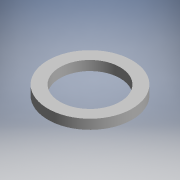
# Autodesk Inventor part: 247465 FEN-80-SD---(SD)
Saved by Autodesk Inventor 2017.3 (Build 213256000, 256)
## iProperties
Part Number: 247465 FEN-80-SD---(SD)
Material: Generic
Catalog Web Link: www.cadenas.de
Description: FEN-X-(SD)-Abstreifer
Vendor: FESTO
Document SubType Name: Modeling
Designer: partserver
Manufacturer: FESTO
Mass: 1.57795 g
Surface Area: 18.0904 cm^2
Volume: 1.57795 cm^3
Density: 1 g/cm^3
Appearance: PSOLRGB-224-224-224
Category: PARTsolutions
Company: FESTO
Title: 247465 FEN-80-SD---(SD)
Author: Cadenas PARTsolutions
Comments: Abstreifer
PSOL_IDENT_0: {$CADENAS_DATA\23d-libs\festo\parts\e\eagf\parts\eagf_abstreif.prj},190 {VTYP=3D},{NB=247465 FEN-80-
PSOL_IDENT_1: SD---(SD)},{LINA=247465 FEN-80-SD---(SD)},{NN=FEN-X-(SD)},{DATE=20.07.2020 13:53:58},{GEOMDATE=02.09
PSOL_IDENT_2: .2015 14:27:16},{VERSION=},{LINEID=20},{WBVAR=},{WBNUMERIC=}  {NB=247465 FEN-80-SD---(SD)},{LINA=247
PSOL_IDENT_3: 465 FEN-80-SD---(SD)},{KT=DUMMY},{TNR=247465},{TYP=FEN-80-SD},{D1=35.000},{D2=25.000},{B=4.000}
NB: 247465 FEN-80-SD---(SD)
NN: FEN-X-(SD)
NT: Abstreifer
NBSYN: $TNR. $TYP.---(SD)
LINA: 247465 FEN-80-SD---(SD)
CATALOG: Festo
TNR: 247465
TYP: FEN-80-SD
D1: 35
D2: 25
B: 4
SUPPLIER: FESTO
ARTICLENO: 247465 FEN-80-SD---(SD)
BOMINFO: 247465 FEN-80-SD---(SD)
CREATOR: CADENAS GmbH
Autodesk Inventor part; units mm, degrees
sketch "Sketch_1" plane through (0, 0, 0) normal (1, 0, 0) x (0, 1, 0)
  line L0 (0, -4) -> (0, 0)
  line L1 (12.5, 0) -> (12.5, -4)
  line L2 (12.5, -4) -> (17.5, -4)
  line L3 (17.5, -4) -> (17.5, 0)
  line L4 (17.5, 0) -> (16.4679, 0)
  line L5 (16.4679, 0) -> (16.2, -1)
  line L6 (16.2, -1) -> (13.5, -1)
  line L7 (13.5, -1) -> (12.5, 0)
  constraints: 16 end point
revolve "Revolution1" add sketch "Sketch_1" angle 360 about axis through (0, 0, -4) along (0, 0, -1)
ref_plane "ANBAU_XY" through (0, 0, -4) normal (0, 0, 1) x (1, 0, 0)
ref_plane "ANBAU_YZ" through (0, 0, -4) normal (1, 0, 0) x (0, 1, 0)
ref_plane "ANBAU_ZX" through (0, 0, -4) normal (0, 1, 0) x (0, 0, 1)
body "Solid1"

━━━━━━

Exercise description:
Give back each line above verbatim, dropping every picture.

Result for this exercise:
# Autodesk Inventor part: 247465 FEN-80-SD---(SD)
Saved by Autodesk Inventor 2017.3 (Build 213256000, 256)
## iProperties
Part Number: 247465 FEN-80-SD---(SD)
Material: Generic
Catalog Web Link: www.cadenas.de
Description: FEN-X-(SD)-Abstreifer
Vendor: FESTO
Document SubType Name: Modeling
Designer: partserver
Manufacturer: FESTO
Mass: 1.57795 g
Surface Area: 18.0904 cm^2
Volume: 1.57795 cm^3
Density: 1 g/cm^3
Appearance: PSOLRGB-224-224-224
Category: PARTsolutions
Company: FESTO
Title: 247465 FEN-80-SD---(SD)
Author: Cadenas PARTsolutions
Comments: Abstreifer
PSOL_IDENT_0: {$CADENAS_DATA\23d-libs\festo\parts\e\eagf\parts\eagf_abstreif.prj},190 {VTYP=3D},{NB=247465 FEN-80-
PSOL_IDENT_1: SD---(SD)},{LINA=247465 FEN-80-SD---(SD)},{NN=FEN-X-(SD)},{DATE=20.07.2020 13:53:58},{GEOMDATE=02.09
PSOL_IDENT_2: .2015 14:27:16},{VERSION=},{LINEID=20},{WBVAR=},{WBNUMERIC=}  {NB=247465 FEN-80-SD---(SD)},{LINA=247
PSOL_IDENT_3: 465 FEN-80-SD---(SD)},{KT=DUMMY},{TNR=247465},{TYP=FEN-80-SD},{D1=35.000},{D2=25.000},{B=4.000}
NB: 247465 FEN-80-SD---(SD)
NN: FEN-X-(SD)
NT: Abstreifer
NBSYN: $TNR. $TYP.---(SD)
LINA: 247465 FEN-80-SD---(SD)
CATALOG: Festo
TNR: 247465
TYP: FEN-80-SD
D1: 35
D2: 25
B: 4
SUPPLIER: FESTO
ARTICLENO: 247465 FEN-80-SD---(SD)
BOMINFO: 247465 FEN-80-SD---(SD)
CREATOR: CADENAS GmbH
Autodesk Inventor part; units mm, degrees
sketch "Sketch_1" plane through (0, 0, 0) normal (1, 0, 0) x (0, 1, 0)
  line L0 (0, -4) -> (0, 0)
  line L1 (12.5, 0) -> (12.5, -4)
  line L2 (12.5, -4) -> (17.5, -4)
  line L3 (17.5, -4) -> (17.5, 0)
  line L4 (17.5, 0) -> (16.4679, 0)
  line L5 (16.4679, 0) -> (16.2, -1)
  line L6 (16.2, -1) -> (13.5, -1)
  line L7 (13.5, -1) -> (12.5, 0)
  constraints: 16 end point
revolve "Revolution1" add sketch "Sketch_1" angle 360 about axis through (0, 0, -4) along (0, 0, -1)
ref_plane "ANBAU_XY" through (0, 0, -4) normal (0, 0, 1) x (1, 0, 0)
ref_plane "ANBAU_YZ" through (0, 0, -4) normal (1, 0, 0) x (0, 1, 0)
ref_plane "ANBAU_ZX" through (0, 0, -4) normal (0, 1, 0) x (0, 0, 1)
body "Solid1"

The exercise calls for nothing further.